1. Significance . Does this study address an important problem? If the aims of the application are achieved, how will scientific knowledge or clinical practice be advanced? What will be the effect of these studies on the concepts, methods, technologies, treatments, services, or preventative interventions that drive this field?
2. Approach . Are the conceptual or clinical framework, design, methods, and analyses adequately developed, well integrated, well reasoned, and appropriate to the aims of the project? Does the applicant acknowledge potential problem areas and consider alternative tactics?
3. Innovation . Is the project original and innovative? For example: Does the project challenge existing paradigms or clinical practice; address an innovative hypothesis or critical barrier to progress in the field?
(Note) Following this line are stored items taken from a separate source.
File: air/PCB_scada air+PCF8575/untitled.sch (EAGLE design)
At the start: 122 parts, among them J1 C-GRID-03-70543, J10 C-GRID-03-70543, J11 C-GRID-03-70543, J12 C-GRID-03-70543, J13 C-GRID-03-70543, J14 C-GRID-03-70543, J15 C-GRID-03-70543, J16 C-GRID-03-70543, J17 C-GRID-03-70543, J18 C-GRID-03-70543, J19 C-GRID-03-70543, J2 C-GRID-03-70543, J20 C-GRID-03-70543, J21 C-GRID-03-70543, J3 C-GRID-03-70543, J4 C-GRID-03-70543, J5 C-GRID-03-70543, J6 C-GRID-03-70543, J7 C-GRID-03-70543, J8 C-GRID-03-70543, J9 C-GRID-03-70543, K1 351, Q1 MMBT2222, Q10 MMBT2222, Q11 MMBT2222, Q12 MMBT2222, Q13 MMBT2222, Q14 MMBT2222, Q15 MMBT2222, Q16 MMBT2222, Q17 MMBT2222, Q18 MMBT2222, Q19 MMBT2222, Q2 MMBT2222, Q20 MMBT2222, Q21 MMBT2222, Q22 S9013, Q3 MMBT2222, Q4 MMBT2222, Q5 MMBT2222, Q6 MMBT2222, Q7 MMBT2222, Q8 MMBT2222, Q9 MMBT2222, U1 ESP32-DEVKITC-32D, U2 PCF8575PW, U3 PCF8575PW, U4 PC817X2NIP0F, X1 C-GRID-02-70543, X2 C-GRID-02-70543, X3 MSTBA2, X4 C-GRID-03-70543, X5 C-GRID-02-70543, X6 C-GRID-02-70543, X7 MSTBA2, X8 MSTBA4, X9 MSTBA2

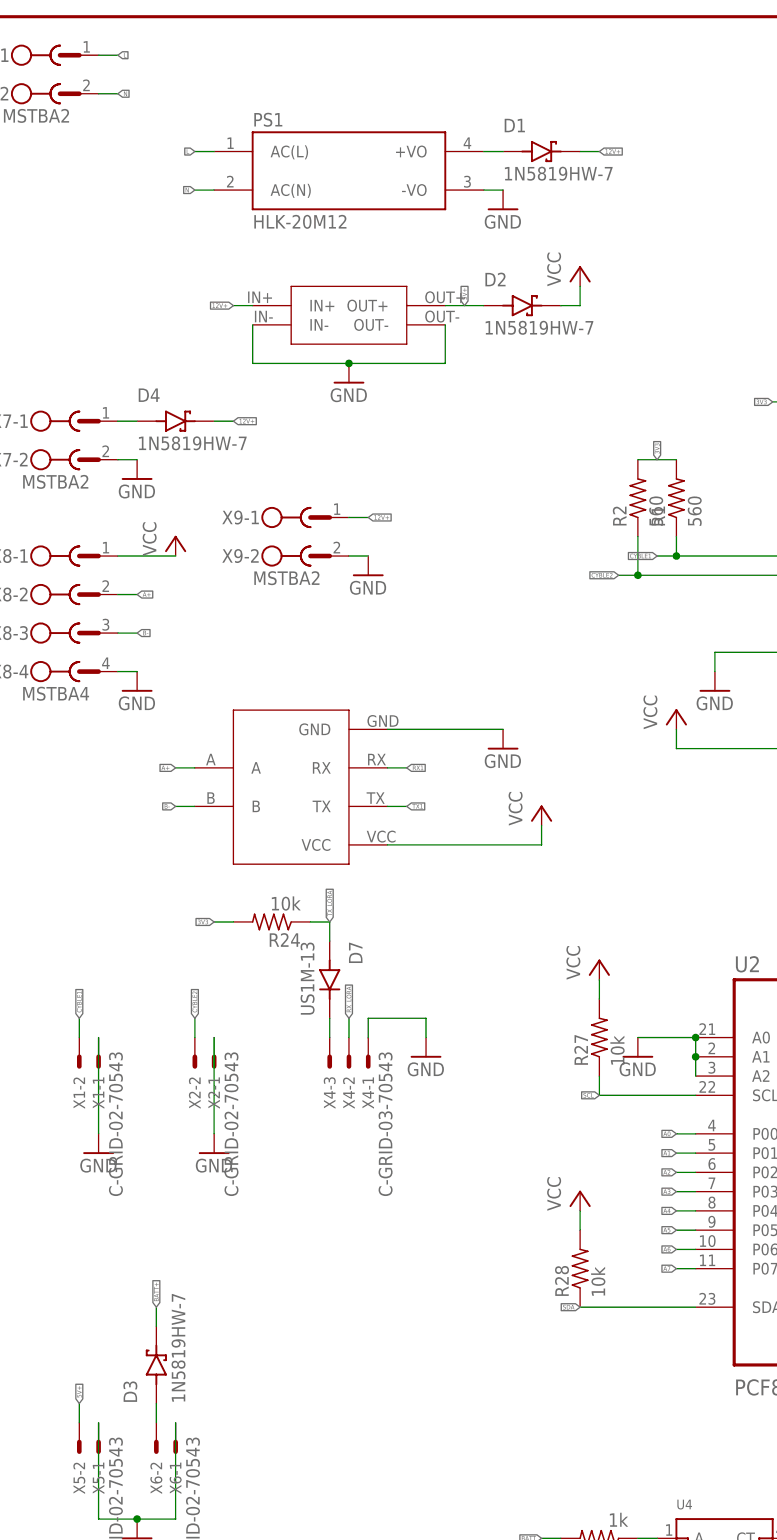
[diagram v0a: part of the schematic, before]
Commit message: revisi dioda schotky
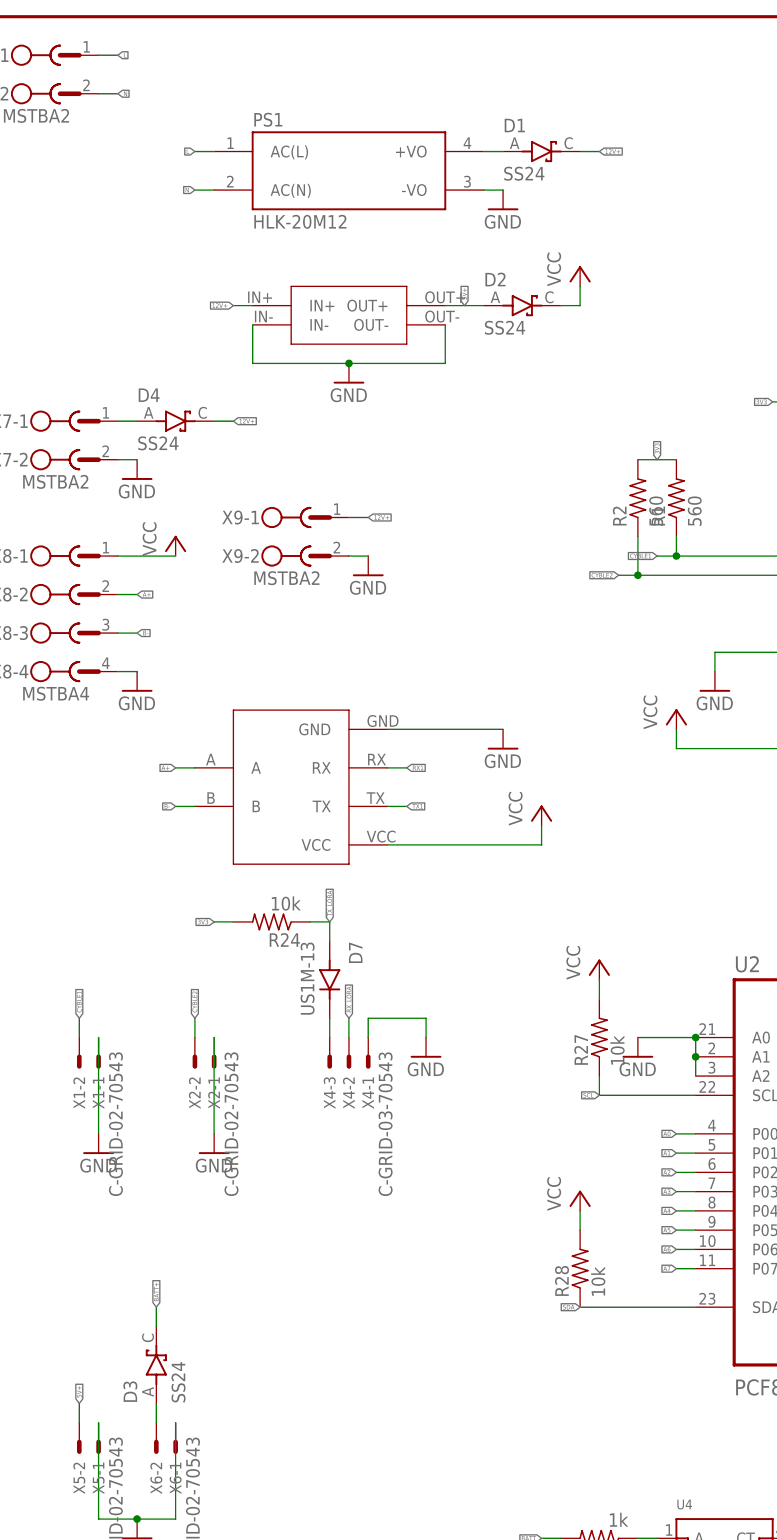
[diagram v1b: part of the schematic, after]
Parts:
- D1, D2, D3, D4: value 1N5819HW-7 -> SS24; device 1N5819HW-7:1N5819HW-7 -> SS24:SS24
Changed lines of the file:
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@@
 <part name="PS1" library="HLK-20M12" deviceset="HLK-20M12" device=""/>
 <part name="GND12" library="supply1" library_urn="urn:adsk.eagle:library:371" deviceset="GND" device=""/>
-<part name="D1" library="1N5819HW-7" deviceset="1N5819HW-7" device=""/>
+<part name="D1" library="SS24" deviceset="SS24" device=""/>
 <part name="MINI1" library="MINI560" deviceset="MINI560" device=""/>
 <part name="GND13" library="supply1" library_urn="urn:adsk.eagle:library:371" deviceset="GND" device=""/>
@@
 <part name="X4" library="con-molex" library_urn="urn:adsk.eagle:library:165" deviceset="C-GRID-03" device="-70543" package3d_urn="urn:adsk.eagle:package:8078684/1"/>
 <part name="GND20" library="supply1" library_urn="urn:adsk.eagle:library:371" deviceset="GND" device=""/>
-<part name="D2" library="1N5819HW-7" deviceset="1N5819HW-7" device=""/>
+<part name="D2" library="SS24" deviceset="SS24" device=""/>
 <part name="P+3" library="supply1" library_urn="urn:adsk.eagle:library:371" deviceset="VCC" device=""/>
 <part name="X5" library="con-molex" library_urn="urn:adsk.eagle:library:165" deviceset="C-GRID-02" device="-70543" package3d_urn="urn:adsk.eagle:package:8078681/1"/>
 <part name="X6" library="con-molex" library_urn="urn:adsk.eagle:library:165" deviceset="C-GRID-02" device="-70543" package3d_urn="urn:adsk.eagle:package:8078681/1"/>
 <part name="GND21" library="supply1" library_urn="urn:adsk.eagle:library:371" deviceset="GND" device=""/>
-<part name="D3" library="1N5819HW-7" deviceset="1N5819HW-7" device=""/>
+<part name="D3" library="SS24" deviceset="SS24" device=""/>
 <part name="Q1" library="MMBT2222_" deviceset="MMBT2222*" device=""/>
 <part name="Q2" library="MMBT2222_" deviceset="MMBT2222*" device=""/>
@@
 <part name="P+7" library="supply1" library_urn="urn:adsk.eagle:library:371" deviceset="VCC" device=""/>
 <part name="X7" library="con-phoenix-508" library_urn="urn:adsk.eagle:library:176" deviceset="MSTBA2" device="" package3d_urn="urn:adsk.eagle:package:9615/1"/>
-<part name="D4" library="1N5819HW-7" deviceset="1N5819HW-7" device=""/>
+<part name="D4" library="SS24" deviceset="SS24" device=""/>
 <part name="GND22" library="supply1" library_urn="urn:adsk.eagle:library:371" deviceset="GND" device=""/>
 <part name="TTL-RS1" library="TTL-RS485" deviceset="TTL-RS485" device=""/>

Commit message: revisi scada air
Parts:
- added JP1, JP2: (no value), adafruit:PINHD-1X3CB
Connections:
- new net GND1: JP1.1, JP1.2, JP1.3, JP2.1, JP2.2, JP2.3
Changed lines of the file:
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@@
 <layer number="48" name="Document" color="7" fill="1" visible="no" active="no"/>
 <layer number="49" name="Reference" color="7" fill="1" visible="no" active="no"/>
+<layer number="50" name="dxf" color="7" fill="1" visible="no" active="no"/>
 <layer number="51" name="tDocu" color="7" fill="1" visible="no" active="no"/>
 <layer number="52" name="bDocu" color="7" fill="1" visible="no" active="no"/>
+<layer number="53" name="tGND_GNDA" color="7" fill="9" visible="no" active="no"/>
+<layer number="54" name="bGND_GNDA" color="1" fill="9" visible="no" active="no"/>
+<layer number="56" name="wert" color="7" fill="1" visible="no" active="no"/>
+<layer number="57" name="tCAD" color="7" fill="1" visible="no" active="no"/>
+<layer number="59" name="tCarbon" color="7" fill="1" visible="no" active="no"/>
+<layer number="60" name="bCarbon" color="7" fill="1" visible="no" active="no"/>
 <layer number="88" name="SimResults" color="9" fill="1" visible="yes" active="yes"/>
 <layer number="89" name="SimProbes" color="9" fill="1" visible="yes" active="yes"/>
@@
 <layer number="97" name="Info" color="7" fill="1" visible="yes" active="yes"/>
 <layer number="98" name="Guide" color="6" fill="1" visible="yes" active="yes"/>
+<layer number="99" name="SpiceOrder" color="7" fill="1" visible="no" active="no"/>
+<layer number="100" name="Muster" color="7" fill="1" visible="no" active="no"/>
+<layer number="101" name="Patch_Top" color="12" fill="4" visible="no" active="yes"/>
+<layer number="102" name="Vscore" color="7" fill="1" visible="no" active="yes"/>
+<layer number="103" name="fp3" color="7" fill="1" visible="no" active="yes"/>
+<layer number="104" name="Name" color="7" fill="1" visible="no" active="yes"/>
+<layer number="105" name="Beschreib" color="9" fill="1" visible="no" active="yes"/>
+<layer number="106" name="BGA-Top" color="4" fill="1" visible="no" active="yes"/>
+<layer number="107" name="BD-Top" color="5" fill="1" visible="no" active="yes"/>
+<layer number="108" name="fp8" color="7" fill="1" visible="no" active="yes"/>
+<layer number="109" name="fp9" color="7" fill="1" visible="no" active="yes"/>
+<layer number="110" name="fp0" color="7" fill="1" visible="no" active="yes"/>
+<layer number="111" name="LPC17xx" color="7" fill="1" visible="no" active="yes"/>
+<layer number="112" name="tSilk" color="7" fill="1" visible="no" active="yes"/>
+<layer number="113" name="ReferenceLS" color="7" fill="1" visible="no" active="no"/>
+<layer number="116" name="Patch_BOT" color="9" fill="4" visible="no" active="yes"/>
+<layer number="118" name="Rect_Pads" color="7" fill="1" visible="no" active="no"/>
+<layer number="121" name="_tsilk" color="7" fill="1" visible="no" active="yes"/>
+<layer number="122" name="_bsilk" color="7" fill="1" visible="no" active="yes"/>
+<layer number="123" name="tTestmark" color="7" fill="1" visible="no" active="yes"/>
+<layer number="124" name="bTestmark" color="7" fill="1" visible="no" active="yes"/>
+<layer number="125" name="_tNames" color="7" fill="1" visible="no" active="yes"/>
+<layer number="126" name="_bNames" color="7" fill="1" visible="no" active="yes"/>
+<layer number="127" name="_tValues" color="7" fill="1" visible="no" active="yes"/>
+<layer number="128" name="_bValues" color="7" fill="1" visible="no" active="yes"/>
+<layer number="129" name="Mask" color="7" fill="1" visible="yes" active="yes"/>
+<layer number="131" name="tAdjust" color="7" fill="1" visible="no" active="yes"/>
+<layer number="132" name="bAdjust" color="7" fill="1" visible="no" active="yes"/>
+<layer number="144" name="Drill_legend" color="7" fill="1" visible="no" active="yes"/>
+<layer number="150" name="Notes" color="7" fill="1" visible="no" active="yes"/>
+<layer number="151" name="HeatSink" color="7" fill="1" visible="no" active="yes"/>
+<layer number="152" name="_bDocu" color="7" fill="1" visible="no" active="yes"/>
+<layer number="153" name="FabDoc1" color="6" fill="1" visible="no" active="no"/>
+<layer number="154" name="FabDoc2" color="2" fill="1" visible="no" active="no"/>
+<layer number="155" name="FabDoc3" color="7" fill="15" visible="no" active="no"/>
+<layer number="199" name="Contour" color="7" fill="1" visible="no" active="yes"/>
+<layer number="200" name="200bmp" color="1" fill="10" visible="no" active="yes"/>
+<layer number="201" name="201bmp" color="2" fill="1" visible="no" active="no"/>
+<layer number="202" name="202bmp" color="3" fill="1" visible="no" active="no"/>
+<layer number="203" name="203bmp" color="4" fill="10" visible="no" active="yes"/>
+<layer number="204" name="204bmp" color="5" fill="10" visible="no" active="yes"/>
+<layer number="205" name="205bmp" color="6" fill="10" visible="no" active="yes"/>
+<layer number="206" name="206bmp" color="7" fill="10" visible="no" active="yes"/>
+<layer number="207" name="207bmp" color="8" fill="10" visible="no" active="yes"/>
+<layer number="208" name="208bmp" color="9" fill="10" visible="no" active="yes"/>
+<layer number="209" name="209bmp" color="7" fill="1" visible="no" active="yes"/>
+<layer number="210" name="210bmp" color="7" fill="1" visible="no" active="yes"/>
+<layer number="211" name="211bmp" color="7" fill="1" visible="no" active="yes"/>
+<layer number="212" name="212bmp" color="7" fill="1" visible="no" active="yes"/>
+<layer number="213" name="213bmp" color="7" fill="1" visible="no" active="yes"/>
+<layer number="214" name="214bmp" color="7" fill="1" visible="no" active="yes"/>
+<layer number="215" name="215bmp" color="7" fill="1" visible="no" active="yes"/>
+<layer number="216" name="216bmp" color="7" fill="1" visible="no" active="yes"/>
+<layer number="217" name="217bmp" color="18" fill="1" visible="no" active="no"/>
+<layer number="218" name="218bmp" color="19" fill="1" visible="no" active="no"/>
+<layer number="219" name="219bmp" color="20" fill="1" visible="no" active="no"/>
+<layer number="220" name="220bmp" color="21" fill="1" visible="no" active="no"/>
+<layer number="221" name="221bmp" color="22" fill="1" visible="no" active="no"/>
+<layer number="222" name="222bmp" color="23" fill="1" visible="no" active="no"/>
+<layer number="223" name="223bmp" color="24" fill="1" visible="no" active="no"/>
+<layer number="224" name="224bmp" color="25" fill="1" visible="no" active="no"/>
+<layer number="225" name="225bmp" color="7" fill="1" visible="yes" active="yes"/>
+<layer number="226" name="226bmp" color="7" fill="1" visible="yes" active="yes"/>
+<layer number="227" name="227bmp" color="7" fill="1" visible="yes" active="yes"/>
+<layer number="228" name="228bmp" color="7" fill="1" visible="yes" active="yes"/>
+<layer number="229" name="229bmp" color="7" fill="1" visible="yes" active="yes"/>
+<layer number="230" name="230bmp" color="7" fill="1" visible="yes" active="yes"/>
+<layer number="231" name="Eagle3D_PG1" color="7" fill="1" visible="no" active="no"/>
+<layer number="232" name="Eagle3D_PG2" color="7" fill="1" visible="no" active="no"/>
+<layer number="233" name="Eagle3D_PG3" color="7" fill="1" visible="no" active="no"/>
+<layer number="248" name="Housing" color="7" fill="1" visible="no" active="yes"/>
+<layer number="249" name="Edge" color="7" fill="1" visible="no" active="yes"/>
+<layer number="250" name="Descript" color="7" fill="1" visible="no" active="no"/>
+<layer number="251" name="SMDround" color="7" fill="1" visible="no" active="no"/>
+<layer number="254" name="cooling" color="7" fill="1" visible="no" active="yes"/>
+<layer number="255" name="routoute" color="7" fill="1" visible="yes" active="yes"/>
 </layers>
 <schematic xreflabel="%F%N/%S.%C%R" xrefpart="/%S.%C%R">
@@
 <part name="GND40" library="supply1" library_urn="urn:adsk.eagle:library:371" deviceset="GND" device=""/>
 <part name="P+5" library="supply1" library_urn="urn:adsk.eagle:library:371" deviceset="VCC" device=""/>
+<part name="JP1" library="adafruit" library_urn="urn:adsk.eagle:library:420" deviceset="PINHD-1X3" device="CB" package3d_urn="urn:adsk.eagle:package:6240706/1"/>
+<part name="JP2" library="adafruit" library_urn="urn:adsk.eagle:library:420" deviceset="PINHD-1X3" device="CB" package3d_urn="urn:adsk.eagle:package:6240706/1"/>
 </parts>
 <sheets>
@@
 <instance part="P+5" gate="VCC" x="149.86" y="218.44" smashed="yes">
 <attribute name="VALUE" x="147.32" y="215.9" size="1.778" layer="96" rot="R90"/>
+</instance>
+<instance part="JP1" gate="A" x="5.08" y="378.46" smashed="yes" rot="R180">
+<attribute name="NAME" x="11.43" y="372.745" size="1.778" layer="95" rot="R180"/>
+<attribute name="VALUE" x="11.43" y="386.08" size="1.778" layer="96" rot="R180"/>
+</instance>
+<instance part="JP2" gate="A" x="5.08" y="363.22" smashed="yes" rot="R180">
+<attribute name="NAME" x="11.43" y="357.505" size="1.778" layer="95" rot="R180"/>
+<attribute name="VALUE" x="11.43" y="370.84" size="1.778" layer="96" rot="R180"/>
 </instance>
 </instances>
@@
 </segment>
 </net>
+<net name="GND1" class="0">
+<segment>
+<pinref part="JP1" gate="A" pin="3"/>
+<pinref part="JP1" gate="A" pin="2"/>
+<wire x1="7.62" y1="381" x2="7.62" y2="378.46" width="0.1524" layer="91"/>
+<pinref part="JP1" gate="A" pin="1"/>
+<wire x1="7.62" y1="378.46" x2="7.62" y2="375.92" width="0.1524" layer="91"/>
+<junction x="7.62" y="378.46"/>
+<label x="7.62" y="375.92" size="0.6096" layer="95" xref="yes"/>
+</segment>
+<segment>
+<pinref part="JP2" gate="A" pin="3"/>
+<pinref part="JP2" gate="A" pin="2"/>
+<wire x1="7.62" y1="365.76" x2="7.62" y2="363.22" width="0.1524" layer="91"/>
+<pinref part="JP2" gate="A" pin="1"/>
+<wire x1="7.62" y1="363.22" x2="7.62" y2="360.68" width="0.1524" layer="91"/>
+<junction x="7.62" y="363.22"/>
+<label x="7.62" y="360.68" size="0.6096" layer="95" xref="yes"/>
+</segment>
+</net>

Does the project develop or employ novel concepts, approaches, methodologies, tools, or technologies for this area?
4. Investigators . Are the investigators appropriately trained and well suited to carry out this work? Is the work proposed appropriate to the experience level of the principal investigator and other researchers? Does the investigative team bring complementary and integrated expertise to the project (if applicable)?
5 . Environment . Does the scientific environment in which the work will be done contribute to the probability of success? Do the proposed studies benefit from unique features of the scientific environment, or subject populations, or employ useful collaborative arrangements? Is there evidence of institutional support?
3.A. Additional Review Criteria:
In addition to the above criteria, the following items will be considered in the determination of scientific merit and the priority score:
Protection of Human Subjects from Research Risk : The involvement of human subjects and protections from research risk relating to their participation in the proposed research will be assessed (see the Research Plan, Section E on Human Subjects in the PHS Form 398).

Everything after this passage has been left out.